More Int8 quantized models
https://gluon-cv.mxnet.io/build/examples_deployment/int8_inference.html
Below CPU performance is benchmarked on AWS EC2 C5.12xlarge instance with 24 physical cores.
Note that you will need nightly build of MXNet to properly use these new features.

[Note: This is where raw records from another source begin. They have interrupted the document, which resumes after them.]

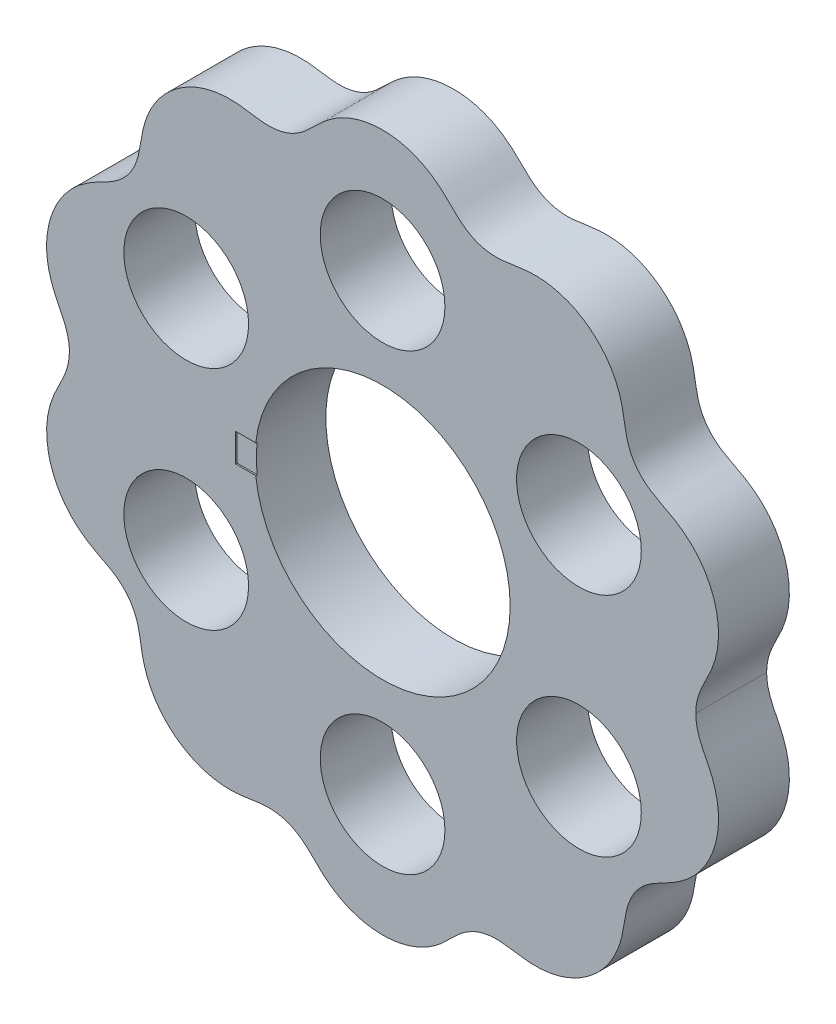
SolidWorks part; units mm, degrees
ref_plane "Front Plane" through (0, 0, 0) normal (0, 0, 1) x (1, 0, 0)
ref_plane "Top Plane" through (0, 0, 0) normal (0, 1, 0) x (1, 0, 0)
ref_plane "Right Plane" through (0, 0, 0) normal (1, 0, 0) x (0, 0, -1)
sketch "Sketch2" plane through (0, 0, -1165.0423) normal (0, 0, 1) x (1, 0, 0)
  line L0 (0, 0) -> (16, 0) construction
  circle A1 centre (0, 0) radius 9.0043
  circle A2 centre (13.8564, 8) radius 4.4
  circle A3 centre (13.8564, -8) radius 4.4
  circle A4 centre (0, -16) radius 4.4
  circle A5 centre (-13.8564, -8) radius 4.4
  circle A6 centre (-13.8564, 8) radius 4.4
  circle A7 centre (0, 16) radius 4.4
  spline S0 degree 4 poles (23.557, 7.0108) (23.5986, 6.8225) (23.6666, 6.4426) (23.7221, 5.8654) (23.7006, 5.0925) (23.5922, 4.3886) (23.4215, 3.7606) (23.2141, 3.209) (22.9937, 2.7289) (22.7529, 2.2591) (22.5466, 1.8458) (22.391, 1.4812) (22.2824, 1.1696) (22.2104, 0.9151) (22.1619, 0.6898) (22.1315, 0.4927) (22.1138, 0.3314) (22.1044, 0.199) (22.0995, 0.0431) (22.0996, -0.0366) (22.1028, -0.1505) (22.1078, -0.243) (22.113, -0.3136) (22.1212, -0.399) (22.1377, -0.5355) (22.1685, -0.7253) (22.222, -0.9617) (22.3011, -1.2285) (22.3962, -1.4893) (22.5046, -1.7453) (22.6227, -1.9965) (22.7467, -2.245) (22.8724, -2.4926) (22.9959, -2.7413) (23.1434, -3.0555) (23.3046, -3.4398) (23.4897, -3.9786) (23.651, -4.6834) (23.7301, -5.4867) (23.6901, -6.3763) (23.5267, -7.2454) (23.2469, -8.0784) (22.8584, -8.8593) (22.3699, -9.5758) (21.7468, -10.2595) (20.9798, -10.8802) (20.0719, -11.3935) (19.075, -11.857) (18.1814, -12.5254) (17.5226, -13.4352) (17.1659, -14.4991) (17.0352, -15.6021) (16.7731, -16.8502) (16.1832, -18.1698) (15.1853, -19.4264) (13.7589, -20.4568) (12.2578, -21.0093) (10.829, -21.1592) (9.5606, -21.0205) (8.461, -20.8021) (7.3284, -20.821) (6.2531, -21.1814) (5.3419, -21.8425) (4.5902, -22.6577) (3.6463, -23.5036) (2.4043, -24.213) (0.8726, -24.639) (-0.8726, -24.639) (-2.4043, -24.213) (-3.6463, -23.5036) (-4.5902, -22.6577) (-5.3419, -21.8425) (-6.2531, -21.1814) (-7.3284, -20.821) (-8.461, -20.8021) (-9.5606, -21.0205) (-10.829, -21.1592) (-12.2578, -21.0093) (-13.741, -20.4634) (-15.1394, -19.4615) (-16.0413, -18.3534) (-16.5535, -17.345) (-16.8193, -16.5384) (-16.9519, -15.9811) (-17.0719, -15.2755) (-17.1754, -14.568) (-17.3712, -13.8744) (-17.7598, -13.1055) (-18.3013, -12.4278) (-19.1201, -11.828) (-20.1618, -11.3541) (-21.2666, -10.702) (-22.3106, -9.734) (-23.1652, -8.4275) (-23.6256, -7.0174) (-23.7462, -5.7577) (-23.6634, -4.7771) (-23.5186, -4.0855) (-23.322, -3.4769) (-23.1003, -2.9486) (-22.8453, -2.4361) (-22.616, -1.991) (-22.4089, -1.5346) (-22.2772, -1.1634) (-22.2025, -0.8866) (-22.1548, -0.6409) (-22.1356, -0.5166) (-22.1225, -0.411) (-22.1138, -0.3229) (-22.1082, -0.2506) (-22.1041, -0.1747) (-22.1013, -0.0974) (-22.0996, -0.0136) (-22.1001, 0.0618) (-22.1044, 0.1995) (-22.1138, 0.3312) (-22.1315, 0.4927) (-22.1619, 0.6898) (-22.2104, 0.9151) (-22.2824, 1.1696) (-22.3693, 1.4188) (-22.4688, 1.6635) (-22.5782, 1.9037) (-22.6943, 2.1409) (-22.8135, 2.3764) (-22.9322, 2.6121) (-23.0764, 2.9089) (-23.2374, 3.2708) (-23.3876, 3.6703) (-23.5162, 4.109) (-23.627, 4.6149) (-23.7033, 5.1892) (-23.7194, 5.7688) (-23.6759, 6.3464) (-23.6156, 6.7276) (-23.5778, 6.9166) (-23.557, 7.0108) knots 0 0 0 0 0 0.00822 0.016439 0.024659 0.032878 0.038505 0.044131 0.049758 0.055384 0.061011 0.063824 0.066637 0.069451 0.072264 0.073671 0.075077 0.076484 0.077891 0.07937 0.08011 0.08085 0.08159 0.08233 0.08381 0.086769 0.089729 0.092688 0.095648 0.098607 0.101567 0.104526 0.107485 0.110445 0.113404 0.119323 0.125242 0.134701 0.144159 0.153617 0.163076 0.172284 0.181492 0.1907 0.199907 0.21162 0.223333 0.235045 0.246758 0.258596 0.270434 0.282272 0.294109 0.312776 0.331442 0.349816 0.36819 0.380136 0.392081 0.404027 0.415972 0.427792 0.439612 0.451432 0.463252 0.481626 0.5 0.518374 0.536748 0.548568 0.560388 0.572208 0.584028 0.595973 0.607919 0.619864 0.63181 0.650184 0.668558 0.686418 0.704279 0.710378 0.716478 0.722577 0.728677 0.740876 0.746976 0.753075 0.765274 0.777473 0.789672 0.801871 0.819732 0.837592 0.855453 0.864383 0.873313 0.879413 0.885512 0.891612 0.897711 0.903811 0.906861 0.91296 0.914485 0.91601 0.917535 0.918297 0.91906 0.919822 0.920585 0.921347 0.922109 0.923516 0.924923 0.926329 0.927736 0.930549 0.933363 0.936176 0.938989 0.941802 0.944616 0.947429 0.950242 0.953056 0.955869 0.961495 0.967122 0.971232 0.975341 0.983561 0.99178 0.99589 1 1 1 1 1 construction
  spline S1 degree 4 poles (22.1, 0) (22.1, -0.0293) (22.1007, -0.0733) (22.1028, -0.1505) (22.1078, -0.243) (22.113, -0.3136) (22.1212, -0.399) (22.1377, -0.5355) (22.1685, -0.7253) (22.222, -0.9617) (22.3011, -1.2285) (22.3962, -1.4893) (22.5046, -1.7453) (22.6227, -1.9965) (22.7467, -2.245) (22.8724, -2.4926) (22.9959, -2.7413) (23.1434, -3.0555) (23.3046, -3.4398) (23.4897, -3.9786) (23.651, -4.6834) (23.7301, -5.4867) (23.6901, -6.3763) (23.5267, -7.2454) (23.2469, -8.0784) (22.8584, -8.8593) (22.3699, -9.5758) (21.7468, -10.2595) (20.9798, -10.8802) (20.0719, -11.3935) (19.075, -11.857) (18.1814, -12.5254) (17.5226, -13.4352) (17.1659, -14.4991) (17.0352, -15.6021) (16.7731, -16.8502) (16.1832, -18.1698) (15.1853, -19.4264) (13.7589, -20.4568) (12.2578, -21.0093) (10.829, -21.1592) (9.5606, -21.0205) (8.461, -20.8021) (7.3284, -20.821) (6.2531, -21.1814) (5.3419, -21.8425) (4.5902, -22.6577) (3.6463, -23.5036) (2.4043, -24.213) (0.8726, -24.639) (-0.8726, -24.639) (-2.4043, -24.213) (-3.6463, -23.5036) (-4.5902, -22.6577) (-5.3419, -21.8425) (-6.2531, -21.1814) (-7.3284, -20.821) (-8.461, -20.8021) (-9.5606, -21.0205) (-10.829, -21.1592) (-12.2578, -21.0093) (-13.741, -20.4634) (-15.1394, -19.4615) (-16.0413, -18.3534) (-16.5535, -17.345) (-16.8193, -16.5384) (-16.9519, -15.9811) (-17.0719, -15.2755) (-17.1754, -14.568) (-17.3712, -13.8744) (-17.7598, -13.1055) (-18.3013, -12.4278) (-19.1201, -11.828) (-20.1618, -11.3541) (-21.2666, -10.702) (-22.3106, -9.734) (-23.1652, -8.4275) (-23.6256, -7.0174) (-23.7462, -5.7577) (-23.6634, -4.7771) (-23.5186, -4.0855) (-23.322, -3.4769) (-23.1003, -2.9486) (-22.8453, -2.4361) (-22.616, -1.991) (-22.4089, -1.5346) (-22.2772, -1.1634) (-22.2025, -0.8866) (-22.1548, -0.6409) (-22.1356, -0.5166) (-22.1225, -0.411) (-22.1138, -0.3229) (-22.1082, -0.2506) (-22.1041, -0.1747) (-22.1013, -0.0974) (-22.1002, -0.0455) (-22.1, -0.0151) (-22.1, 0) knots 0.077891 0.077891 0.077891 0.077891 0.077891 0.07937 0.08011 0.08085 0.08159 0.08233 0.08381 0.086769 0.089729 0.092688 0.095648 0.098607 0.101567 0.104526 0.107485 0.110445 0.113404 0.119323 0.125242 0.134701 0.144159 0.153617 0.163076 0.172284 0.181492 0.1907 0.199907 0.21162 0.223333 0.235045 0.246758 0.258596 0.270434 0.282272 0.294109 0.312776 0.331442 0.349816 0.36819 0.380136 0.392081 0.404027 0.415972 0.427792 0.439612 0.451432 0.463252 0.481626 0.5 0.518374 0.536748 0.548568 0.560388 0.572208 0.584028 0.595973 0.607919 0.619864 0.63181 0.650184 0.668558 0.686418 0.704279 0.710378 0.716478 0.722577 0.728677 0.740876 0.746976 0.753075 0.765274 0.777473 0.789672 0.801871 0.819732 0.837592 0.855453 0.864383 0.873313 0.879413 0.885512 0.891612 0.897711 0.903811 0.906861 0.91296 0.914485 0.91601 0.917535 0.918297 0.91906 0.919822 0.920585 0.921347 0.922109 0.922109 0.922109 0.922109 0.922109
  spline S2 degree 4 poles (22.1, 0) (22.1, 0.0293) (22.1007, 0.0733) (22.1028, 0.1505) (22.1078, 0.243) (22.113, 0.3136) (22.1212, 0.399) (22.1377, 0.5355) (22.1685, 0.7253) (22.222, 0.9617) (22.3011, 1.2285) (22.3962, 1.4893) (22.5046, 1.7453) (22.6227, 1.9965) (22.7467, 2.245) (22.8724, 2.4926) (22.9959, 2.7413) (23.1434, 3.0555) (23.3046, 3.4398) (23.4897, 3.9786) (23.651, 4.6834) (23.7301, 5.4867) (23.6901, 6.3763) (23.5267, 7.2454) (23.2469, 8.0784) (22.8584, 8.8593) (22.3699, 9.5758) (21.7468, 10.2595) (20.9798, 10.8802) (20.0719, 11.3935) (19.075, 11.857) (18.1814, 12.5254) (17.5226, 13.4352) (17.1659, 14.4991) (17.0352, 15.6021) (16.7731, 16.8502) (16.1832, 18.1698) (15.1853, 19.4264) (13.7589, 20.4568) (12.2578, 21.0093) (10.829, 21.1592) (9.5606, 21.0205) (8.461, 20.8021) (7.3284, 20.821) (6.2531, 21.1814) (5.3419, 21.8425) (4.5902, 22.6577) (3.6463, 23.5036) (2.4043, 24.213) (0.8726, 24.639) (-0.8726, 24.639) (-2.4043, 24.213) (-3.6463, 23.5036) (-4.5902, 22.6577) (-5.3419, 21.8425) (-6.2531, 21.1814) (-7.3284, 20.821) (-8.461, 20.8021) (-9.5606, 21.0205) (-10.829, 21.1592) (-12.2578, 21.0093) (-13.741, 20.4634) (-15.1394, 19.4615) (-16.0413, 18.3534) (-16.5535, 17.345) (-16.8193, 16.5384) (-16.9519, 15.9811) (-17.0719, 15.2755) (-17.1754, 14.568) (-17.3712, 13.8744) (-17.7598, 13.1055) (-18.3013, 12.4278) (-19.1201, 11.828) (-20.1618, 11.3541) (-21.2666, 10.702) (-22.3106, 9.734) (-23.1652, 8.4275) (-23.6256, 7.0174) (-23.7462, 5.7577) (-23.6634, 4.7771) (-23.5186, 4.0855) (-23.322, 3.4769) (-23.1003, 2.9486) (-22.8453, 2.4361) (-22.616, 1.991) (-22.4089, 1.5346) (-22.2772, 1.1634) (-22.2025, 0.8866) (-22.1548, 0.6409) (-22.1356, 0.5166) (-22.1225, 0.411) (-22.1138, 0.3229) (-22.1082, 0.2506) (-22.1041, 0.1747) (-22.1013, 0.0974) (-22.1002, 0.0455) (-22.1, 0.0151) (-22.1, 0) knots 0.077891 0.077891 0.077891 0.077891 0.077891 0.07937 0.08011 0.08085 0.08159 0.08233 0.08381 0.086769 0.089729 0.092688 0.095648 0.098607 0.101567 0.104526 0.107485 0.110445 0.113404 0.119323 0.125242 0.134701 0.144159 0.153617 0.163076 0.172284 0.181492 0.1907 0.199907 0.21162 0.223333 0.235045 0.246758 0.258596 0.270434 0.282272 0.294109 0.312776 0.331442 0.349816 0.36819 0.380136 0.392081 0.404027 0.415972 0.427792 0.439612 0.451432 0.463252 0.481626 0.5 0.518374 0.536748 0.548568 0.560388 0.572208 0.584028 0.595973 0.607919 0.619864 0.63181 0.650184 0.668558 0.686418 0.704279 0.710378 0.716478 0.722577 0.728677 0.740876 0.746976 0.753075 0.765274 0.777473 0.789672 0.801871 0.819732 0.837592 0.855453 0.864383 0.873313 0.879413 0.885512 0.891612 0.897711 0.903811 0.906861 0.91296 0.914485 0.91601 0.917535 0.918297 0.91906 0.919822 0.920585 0.921347 0.922109 0.922109 0.922109 0.922109 0.922109
  point P22 (0, 0)
  dimension "D1" = 6
extrude "Boss-Extrude1" add sketch "Sketch2" against normal blind 5
sketch "Sketch3" plane through (0, 0, -1165.0423) normal (0, 0, 1) x (1, 0, 0)
  line L0 (-9.0043, 0) -> (-10.3888, 0) construction
  line L1 (-10.3888, -1) -> (-10.3888, 1)
  line L2 (-10.3888, 1) -> (-8.7429, 1)
  line L3 (-10.3888, -1) -> (-8.6639, -1)
  line L4 (-8.6639, -1) -> (-8.6639, 1)
  line L5 (-8.6639, 1) -> (-8.7429, 1)
  circle A0 centre (0, 0) radius 9.0043 construction
extrude "Cut-Extrude1" cut sketch "Sketch3" against normal blind 0.1

Model | Dataset | Batch Size | Speedup (INT8/FP32) | FP32 Accuracy | INT8 Accuracy |
---|---|---|---|---|---|
simple_pose_resnet18_v1b | COCO Keypoint | 128 | 2.55 | 66.3 | 65.9 |
simple_pose_resnet50_v1b | COCO Keypoint | 128 | 3.50 | 71.0 | 70.6 |
simple_pose_resnet50_v1d | COCO Keypoint | 128 | 5.89 | 71.6 | 71.4 |
simple_pose_resnet101_v1b | COCO Keypoint | 128 | 4.07 | 72.4 | 72.2 |
simple_pose_resnet101_v1d | COCO Keypoint | 128 | 5.97 | 73.0 | 72.7 |
vgg16_ucf101 | UCF101 | 64 | 4.46 | 81.86 | 81.41 |
inceptionv3_ucf101 | UCF101 | 64 | 5.16 | 86.92 | 86.55 |
resnet18_v1b_kinetics400 | Kinetics400 | 64 | 5.24 | 63.29 | 63.14 |
resnet50_v1b_kinetics400 | Kinetics400 | 64 | 6.78 | 68.08 | 68.15 |
inceptionv3_kinetics400 | Kinetics400 | 64 | 5.29 | 67.93 | 67.92 |
For pose-estimation models, the accuracy metric is OKS AP w/o flip. Quantized 2D video action recognition models are calibrated with num-segments=3 (7 is for ResNet-based models).
Bug fixes and Improvements
- Performance of PSPNet using ResNet101 as backbone on Cityscapes (semantic segmentation) is improved from mIoU 77.1% to 79.9%, higher than the number reported in original paper.
- We will deprecate Python2 support in the next release.